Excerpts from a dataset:

○ ○ ○ ○ ○

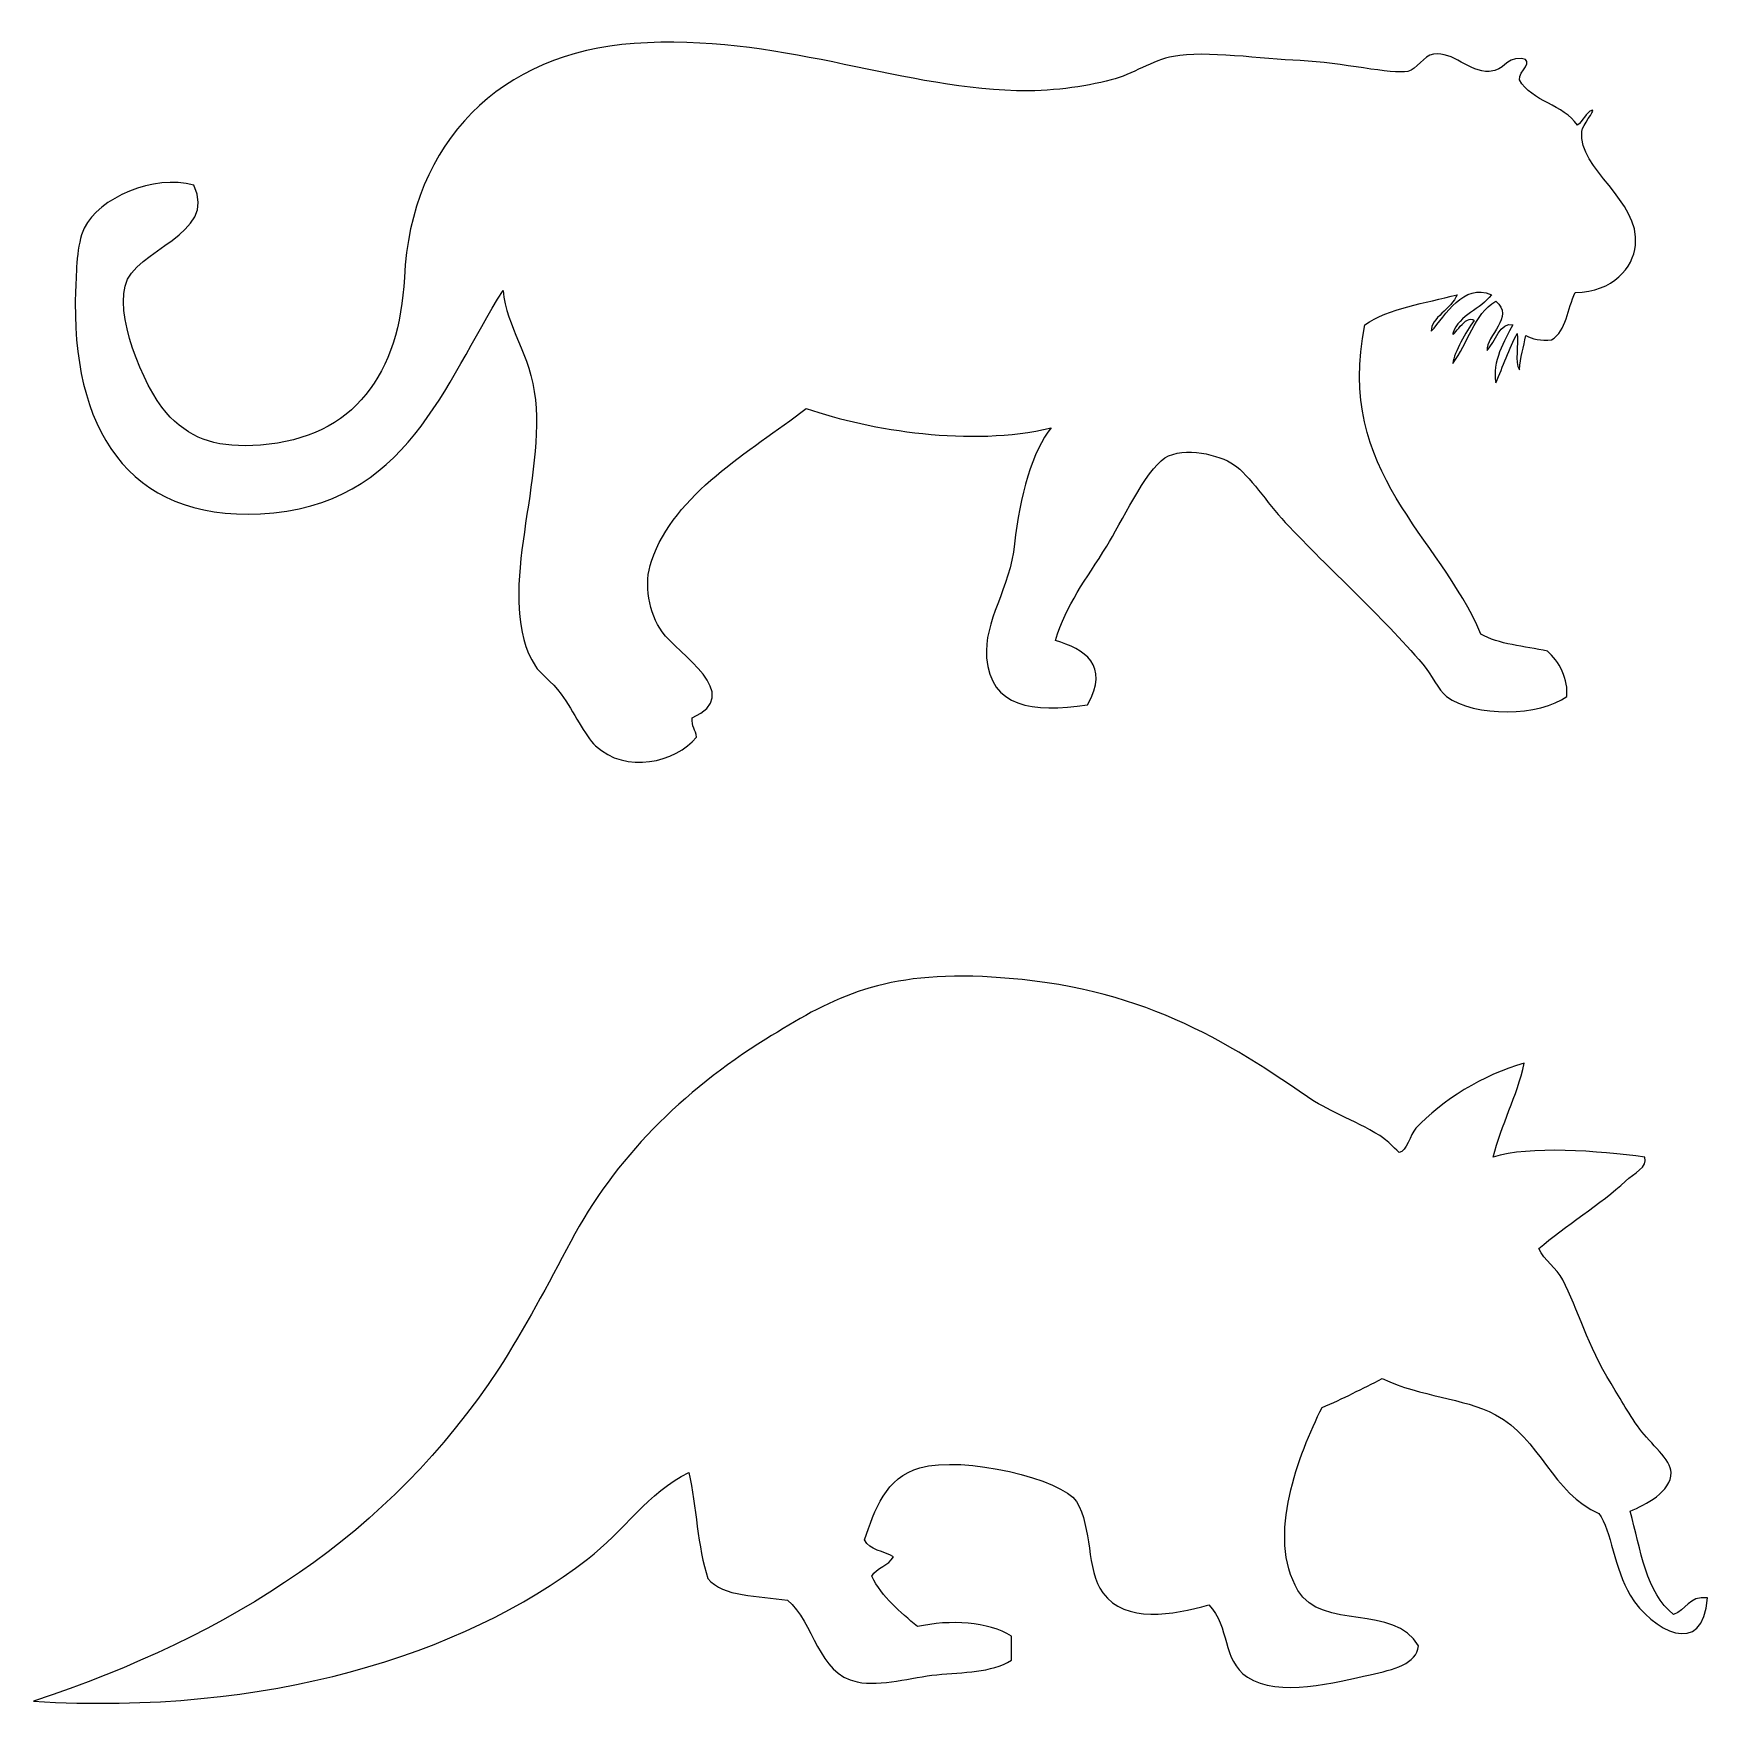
# Model space of a CAD drawing. Header units: centimetres. Extents: x -64 to 65, y -66 to 66.
# Drawn here: x -64.05 to -54.55, y 0.83 to 10.37 of the extents above; entities that cross this region are included whole.
import ezdxf

# ---------------------------------------------------------------- set-up
doc = ezdxf.new("R2010")
doc.units = ezdxf.units.CM
doc.header["$MEASUREMENT"] = 0
doc.layers.add('Layer 1', color=7, linetype='Continuous')

msp = doc.modelspace()

# ---------------------------------------------------------------- linework, layer by layer
at = {"layer": 'Layer 1'}
for points, knots in [([(-55.29964, 8.90371), (-55.3448, 8.81478), (-55.34933, 8.68519), (-55.43373, 8.63553), (-55.43373, 8.63553), (-55.49498, 8.63116), (-55.54427, 8.63876), (-55.58004, 8.6599), (-55.58004, 8.6599), (-55.59279, 8.59545), (-55.61089, 8.53634), (-55.61661, 8.46485), (-55.61661, 8.46485), (-55.64479, 8.5098), (-55.62087, 8.6069), (-55.62881, 8.6721), (-55.62881, 8.6721), (-55.67644, 8.58561), (-55.70908, 8.48419), (-55.7507, 8.39172), (-55.7507, 8.39172), (-55.77345, 8.50803), (-55.70183, 8.6353), (-55.65317, 8.72084), (-55.65317, 8.72084), (-55.72466, 8.74074), (-55.75596, 8.62249), (-55.79948, 8.57458), (-55.79948, 8.57458), (-55.80803, 8.65983), (-55.64047, 8.7663), (-55.75069, 8.85496), (-55.75069, 8.85496), (-55.87584, 8.78104), (-55.90833, 8.61435), (-55.9945, 8.50145), (-55.9945, 8.50145), (-55.98529, 8.56553), (-55.92174, 8.68052), (-55.87258, 8.74524), (-55.87258, 8.74524), (-55.9196, 8.78887), (-55.9967, 8.63816), (-55.9945, 8.67211), (-55.9945, 8.67211), (-55.9568, 8.7807), (-55.83723, 8.80739), (-55.77508, 8.89156), (-55.77508, 8.89156), (-55.93809, 8.96009), (-56.03368, 8.7748), (-56.11642, 8.68431), (-56.11642, 8.68431), (-56.12195, 8.75908), (-56.00061, 8.81221), (-55.97013, 8.89156), (-55.97013, 8.89156), (-56.15317, 8.84296), (-56.35722, 8.81539), (-56.49435, 8.72088), (-56.49435, 8.72088), (-56.66247, 7.87726), (-56.068, 7.526), (-55.83607, 6.96545), (-55.83607, 6.96545), (-55.73603, 6.907), (-55.58728, 6.89727), (-55.45817, 6.86792), (-55.45817, 6.86792), (-55.39274, 6.81818), (-55.33554, 6.69991), (-55.34847, 6.61194), (-55.34847, 6.61194), (-55.49433, 6.49772), (-55.87346, 6.49309), (-56.03112, 6.61194), (-56.03112, 6.61194), (-56.07718, 6.64668), (-56.11311, 6.7336), (-56.16521, 6.79482), (-56.16521, 6.79482), (-56.40111, 7.07184), (-56.68893, 7.32587), (-56.94539, 7.59937), (-56.94539, 7.59937), (-57.0512, 7.71219), (-57.14565, 7.86499), (-57.23797, 7.92849), (-57.23797, 7.92849), (-57.31433, 7.98106), (-57.52057, 8.03427), (-57.62807, 7.96508), (-57.62807, 7.96508), (-57.73798, 7.89433), (-57.87979, 7.58895), (-57.95721, 7.46526), (-57.95721, 7.46526), (-58.07775, 7.27272), (-58.18753, 7.13395), (-58.24979, 6.9289), (-58.24979, 6.9289), (-58.0854, 6.88072), (-57.93814, 6.79193), (-58.06691, 6.56319), (-58.06691, 6.56319), (-58.38224, 6.51641), (-58.6164, 6.5512), (-58.63987, 6.83137), (-58.63987, 6.83137), (-58.65728, 7.03894), (-58.50628, 7.22547), (-58.48138, 7.47746), (-58.48138, 7.47746), (-58.45482, 7.74659), (-58.37626, 8.01139), (-58.27416, 8.13574), (-58.27416, 8.13574), (-58.73244, 8.02753), (-59.29072, 8.12013), (-59.66386, 8.24544), (-59.66386, 8.24544), (-59.987, 7.99824), (-60.40985, 7.76512), (-60.54159, 7.37991), (-60.54159, 7.37991), (-60.58675, 7.24788), (-60.55649, 7.08408), (-60.48063, 6.97766), (-60.48063, 6.97766), (-60.39337, 6.85518), (-60.00626, 6.62137), (-60.30997, 6.49003), (-60.30997, 6.49003), (-60.31643, 6.43886), (-60.28864, 6.42193), (-60.2856, 6.38031), (-60.2856, 6.38031), (-60.40464, 6.23616), (-60.6879, 6.17002), (-60.85853, 6.33155), (-60.85853, 6.33155), (-60.91907, 6.38886), (-60.98201, 6.52562), (-61.05358, 6.62413), (-61.05358, 6.62413), (-61.10623, 6.69663), (-61.17833, 6.74838), (-61.19989, 6.78262), (-61.19989, 6.78262), (-61.43643, 7.15833), (-61.14914, 7.79902), (-61.19989, 8.29424), (-61.19989, 8.29424), (-61.22712, 8.5602), (-61.36557, 8.70437), (-61.38272, 8.91596), (-61.38272, 8.91596), (-61.72054, 8.38587), (-61.92416, 7.69142), (-62.76025, 7.64816), (-62.76025, 7.64816), (-63.51074, 7.60932), (-63.83869, 8.1365), (-63.80864, 8.91596), (-63.80864, 8.91596), (-63.80457, 9.02111), (-63.80404, 9.17679), (-63.75988, 9.2695), (-63.75988, 9.2695), (-63.67847, 9.44018), (-63.36377, 9.57716), (-63.13816, 9.51329), (-63.13816, 9.51329), (-62.99833, 9.22746), (-63.47556, 9.15515), (-63.52826, 8.94033), (-63.52826, 8.94033), (-63.5807, 8.72655), (-63.39393, 8.31626), (-63.27228, 8.19672), (-63.27228, 8.19672), (-63.13816, 8.06493), (-62.99725, 8.02048), (-62.76026, 8.03823), (-62.76026, 8.03823), (-62.22678, 8.07824), (-61.97019, 8.44609), (-61.94349, 8.98909), (-61.94349, 8.98909), (-61.9056, 9.76069), (-61.39567, 10.26626), (-60.63912, 10.31788), (-60.63912, 10.31788), (-59.82174, 10.37357), (-59.1773, 10.07105), (-58.46925, 10.04967), (-58.46925, 10.04967), (-58.28859, 10.04422), (-58.08507, 10.07052), (-57.93289, 10.11063), (-57.93289, 10.11063), (-57.81086, 10.14278), (-57.70053, 10.22276), (-57.57935, 10.24472), (-57.57935, 10.24472), (-57.39769, 10.27761), (-57.07778, 10.22993), (-56.86011, 10.22033), (-56.86011, 10.22033), (-56.62609, 10.21001), (-56.33893, 10.14), (-56.25059, 10.1594), (-56.25059, 10.1594), (-56.19847, 10.17083), (-56.15936, 10.24809), (-56.10433, 10.25693), (-56.10433, 10.25693), (-55.9904, 10.27513), (-55.90499, 10.1525), (-55.78739, 10.1594), (-55.78739, 10.1594), (-55.69301, 10.1649), (-55.70828, 10.23491), (-55.60454, 10.23256), (-55.60454, 10.23256), (-55.52601, 10.22158), (-55.62169, 10.15924), (-55.61671, 10.11064), (-55.61671, 10.11064), (-55.54546, 9.98684), (-55.36602, 9.97126), (-55.28757, 9.85466), (-55.28757, 9.85466), (-55.25288, 9.87683), (-55.24309, 9.92395), (-55.20224, 9.93999), (-55.20224, 9.93999), (-55.18719, 9.93245), (-55.25942, 9.85747), (-55.2632, 9.81807), (-55.2632, 9.81807), (-55.28368, 9.60381), (-54.93091, 9.42874), (-54.95843, 9.17201), (-54.95843, 9.17201), (-54.97195, 9.04478), (-55.08278, 8.90929), (-55.29964, 8.90371)], [0, 0, 0, 0, 0.015873, 0.015873, 0.015873, 0.015873, 0.031746, 0.031746, 0.031746, 0.031746, 0.047619, 0.047619, 0.047619, 0.047619, 0.0634921, 0.0634921, 0.0634921, 0.0634921, 0.0793651, 0.0793651, 0.0793651, 0.0793651, 0.0952381, 0.0952381, 0.0952381, 0.0952381, 0.1111111, 0.1111111, 0.1111111, 0.1111111, 0.1269841, 0.1269841, 0.1269841, 0.1269841, 0.1428571, 0.1428571, 0.1428571, 0.1428571, 0.1587302, 0.1587302, 0.1587302, 0.1587302, 0.1746032, 0.1746032, 0.1746032, 0.1746032, 0.1904762, 0.1904762, 0.1904762, 0.1904762, 0.2063492, 0.2063492, 0.2063492, 0.2063492, 0.2222222, 0.2222222, 0.2222222, 0.2222222, 0.2380952, 0.2380952, 0.2380952, 0.2380952, 0.2539683, 0.2539683, 0.2539683, 0.2539683, 0.2698413, 0.2698413, 0.2698413, 0.2698413, 0.2857143, 0.2857143, 0.2857143, 0.2857143, 0.3015873, 0.3015873, 0.3015873, 0.3015873, 0.3174603, 0.3174603, 0.3174603, 0.3174603, 0.3333333, 0.3333333, 0.3333333, 0.3333333, 0.3492063, 0.3492063, 0.3492063, 0.3492063, 0.3650794, 0.3650794, 0.3650794, 0.3650794, 0.3809524, 0.3809524, 0.3809524, 0.3809524, 0.3968254, 0.3968254, 0.3968254, 0.3968254, 0.4126984, 0.4126984, 0.4126984, 0.4126984, 0.4285714, 0.4285714, 0.4285714, 0.4285714, 0.4444444, 0.4444444, 0.4444444, 0.4444444, 0.4603175, 0.4603175, 0.4603175, 0.4603175, 0.4761905, 0.4761905, 0.4761905, 0.4761905, 0.4920635, 0.4920635, 0.4920635, 0.4920635, 0.5079365, 0.5079365, 0.5079365, 0.5079365, 0.5238095, 0.5238095, 0.5238095, 0.5238095, 0.5396825, 0.5396825, 0.5396825, 0.5396825, 0.5555556, 0.5555556, 0.5555556, 0.5555556, 0.5714286, 0.5714286, 0.5714286, 0.5714286, 0.5873016, 0.5873016, 0.5873016, 0.5873016, 0.6031746, 0.6031746, 0.6031746, 0.6031746, 0.6190476, 0.6190476, 0.6190476, 0.6190476, 0.6349206, 0.6349206, 0.6349206, 0.6349206, 0.6507937, 0.6507937, 0.6507937, 0.6507937, 0.6666667, 0.6666667, 0.6666667, 0.6666667, 0.6825397, 0.6825397, 0.6825397, 0.6825397, 0.6984127, 0.6984127, 0.6984127, 0.6984127, 0.7142857, 0.7142857, 0.7142857, 0.7142857, 0.7301587, 0.7301587, 0.7301587, 0.7301587, 0.7460317, 0.7460317, 0.7460317, 0.7460317, 0.7619048, 0.7619048, 0.7619048, 0.7619048, 0.7777778, 0.7777778, 0.7777778, 0.7777778, 0.7936508, 0.7936508, 0.7936508, 0.7936508, 0.8095238, 0.8095238, 0.8095238, 0.8095238, 0.8253968, 0.8253968, 0.8253968, 0.8253968, 0.8412698, 0.8412698, 0.8412698, 0.8412698, 0.8571429, 0.8571429, 0.8571429, 0.8571429, 0.8730159, 0.8730159, 0.8730159, 0.8730159, 0.8888889, 0.8888889, 0.8888889, 0.8888889, 0.9047619, 0.9047619, 0.9047619, 0.9047619, 0.9206349, 0.9206349, 0.9206349, 0.9206349, 0.9365079, 0.9365079, 0.9365079, 0.9365079, 0.952381, 0.952381, 0.952381, 0.952381, 0.968254, 0.968254, 0.968254, 0.968254, 1, 1, 1, 1]), ([(-55.58877, 4.52924), (-55.63298, 4.3366), (-55.71741, 4.18417), (-55.76638, 3.99632), (-55.76638, 3.99632), (-55.5618, 4.06289), (-55.1672, 4.03214), (-54.90556, 3.99632), (-54.90556, 3.99632), (-54.88627, 3.94012), (-54.96567, 3.90496), (-55.01486, 3.85966), (-55.01486, 3.85966), (-55.15173, 3.73372), (-55.36123, 3.6032), (-55.50677, 3.4771), (-55.50677, 3.4771), (-55.4764, 3.409), (-55.40628, 3.37021), (-55.37011, 3.29949), (-55.37011, 3.29949), (-55.28595, 3.13481), (-55.22996, 2.9254), (-55.09685, 2.71193), (-55.09685, 2.71193), (-55.05544, 2.64555), (-55.00512, 2.55), (-54.93286, 2.45229), (-54.93286, 2.45229), (-54.87537, 2.37456), (-54.75501, 2.27457), (-54.75525, 2.20633), (-54.75525, 2.20633), (-54.75562, 2.09796), (-54.90257, 2.02157), (-54.98753, 1.9877), (-54.98753, 1.9877), (-54.92937, 1.76804), (-54.89728, 1.5223), (-54.7416, 1.40017), (-54.7416, 1.40017), (-54.66971, 1.4239), (-54.65675, 1.50661), (-54.55031, 1.49579), (-54.55031, 1.49579), (-54.56899, 1.1499), (-54.86591, 1.30696), (-54.98753, 1.50947), (-54.98753, 1.50947), (-55.07736, 1.65893), (-55.09627, 1.87806), (-55.16517, 1.97405), (-55.16517, 1.97405), (-55.42653, 2.08422), (-55.50164, 2.40289), (-55.75273, 2.53428), (-55.75273, 2.53428), (-55.94326, 2.63398), (-56.1694, 2.6336), (-56.39493, 2.73923), (-56.39493, 2.73923), (-56.50762, 2.6834), (-56.6175, 2.62474), (-56.73653, 2.57524), (-56.73653, 2.57524), (-56.86649, 2.31108), (-57.05519, 1.84586), (-56.87316, 1.5368), (-56.87316, 1.5368), (-56.73767, 1.30672), (-56.3237, 1.46232), (-56.18998, 1.2225), (-56.18998, 1.2225), (-56.19794, 1.12135), (-56.33188, 1.08677), (-56.46327, 1.05856), (-56.46327, 1.05856), (-56.65602, 1.01715), (-56.98521, 0.92809), (-57.16013, 1.04488), (-57.16013, 1.04488), (-57.30787, 1.14354), (-57.2567, 1.33153), (-57.37878, 1.4548), (-57.37878, 1.4548), (-57.58309, 1.39892), (-57.85281, 1.34809), (-57.97997, 1.52312), (-57.97997, 1.52312), (-58.07591, 1.65515), (-58.03903, 1.8943), (-58.13028, 2.04236), (-58.13028, 2.04236), (-58.20746, 2.16751), (-58.77086, 2.30395), (-59.01846, 2.23363), (-59.01846, 2.23363), (-59.21285, 2.17844), (-59.27526, 1.99318), (-59.33271, 1.82371), (-59.33271, 1.82371), (-59.3053, 1.76458), (-59.22106, 1.7623), (-59.16875, 1.72804), (-59.16875, 1.72804), (-59.19545, 1.67729), (-59.26172, 1.66615), (-59.29173, 1.61874), (-59.29173, 1.61874), (-59.23183, 1.49642), (-59.13023, 1.41588), (-59.03212, 1.3318), (-59.03212, 1.3318), (-58.84792, 1.37281), (-58.62852, 1.36069), (-58.49922, 1.27716), (-58.49922, 1.27716), (-58.49922, 1.23163), (-58.49922, 1.18606), (-58.49922, 1.1405), (-58.49922, 1.1405), (-58.6159, 1.06917), (-58.76843, 1.07417), (-58.92279, 1.05853), (-58.92279, 1.05853), (-59.06614, 1.044), (-59.23685, 0.98984), (-59.37369, 1.01755), (-59.37369, 1.01755), (-59.60039, 1.0634), (-59.61626, 1.35601), (-59.76996, 1.48211), (-59.76996, 1.48211), (-59.9363, 1.50711), (-60.13559, 1.49912), (-60.22086, 1.60509), (-60.22086, 1.60509), (-60.28156, 1.78125), (-60.28449, 2.01517), (-60.33016, 2.2063), (-60.33016, 2.2063), (-60.55992, 2.09465), (-60.69878, 1.87171), (-60.90404, 1.71439), (-60.90404, 1.71439), (-61.62212, 1.16422), (-62.72398, 0.82796), (-64.04676, 0.90823), (-64.04676, 0.90823), (-62.92445, 1.2824), (-62.0273, 1.85189), (-61.4096, 2.79386), (-61.4096, 2.79386), (-61.2594, 3.02288), (-61.13012, 3.27286), (-60.99968, 3.51805), (-60.99968, 3.51805), (-60.74862, 3.99001), (-60.36947, 4.36871), (-59.8929, 4.66581), (-59.8929, 4.66581), (-59.53727, 4.8875), (-59.25766, 5.04723), (-58.66314, 5.02109), (-58.66314, 5.02109), (-57.83237, 4.98455), (-57.33919, 4.69986), (-56.81849, 4.33788), (-56.81849, 4.33788), (-56.71967, 4.26919), (-56.55626, 4.20638), (-56.40857, 4.11925), (-56.40857, 4.11925), (-56.37113, 4.09716), (-56.30038, 4.02347), (-56.29927, 4.02358), (-56.29927, 4.02358), (-56.25739, 4.02795), (-56.2358, 4.1255), (-56.20362, 4.16024), (-56.20362, 4.16024), (-56.0592, 4.31639), (-55.8224, 4.46572), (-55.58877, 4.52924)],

○ ○ ○ ○ ○

*What this task involves*.
Of the lines above, output exactly those from the line bearing "# Drawn here: x" through the line bearing "msp = doc.modelspace()", inclusive.

*Result of this exercise*.
# Drawn here: x -64.05 to -54.55, y 0.83 to 10.37 of the extents above; entities that cross this region are included whole.
import ezdxf

# ---------------------------------------------------------------- set-up
doc = ezdxf.new("R2010")
doc.units = ezdxf.units.CM
doc.header["$MEASUREMENT"] = 0
doc.layers.add('Layer 1', color=7, linetype='Continuous')

msp = doc.modelspace()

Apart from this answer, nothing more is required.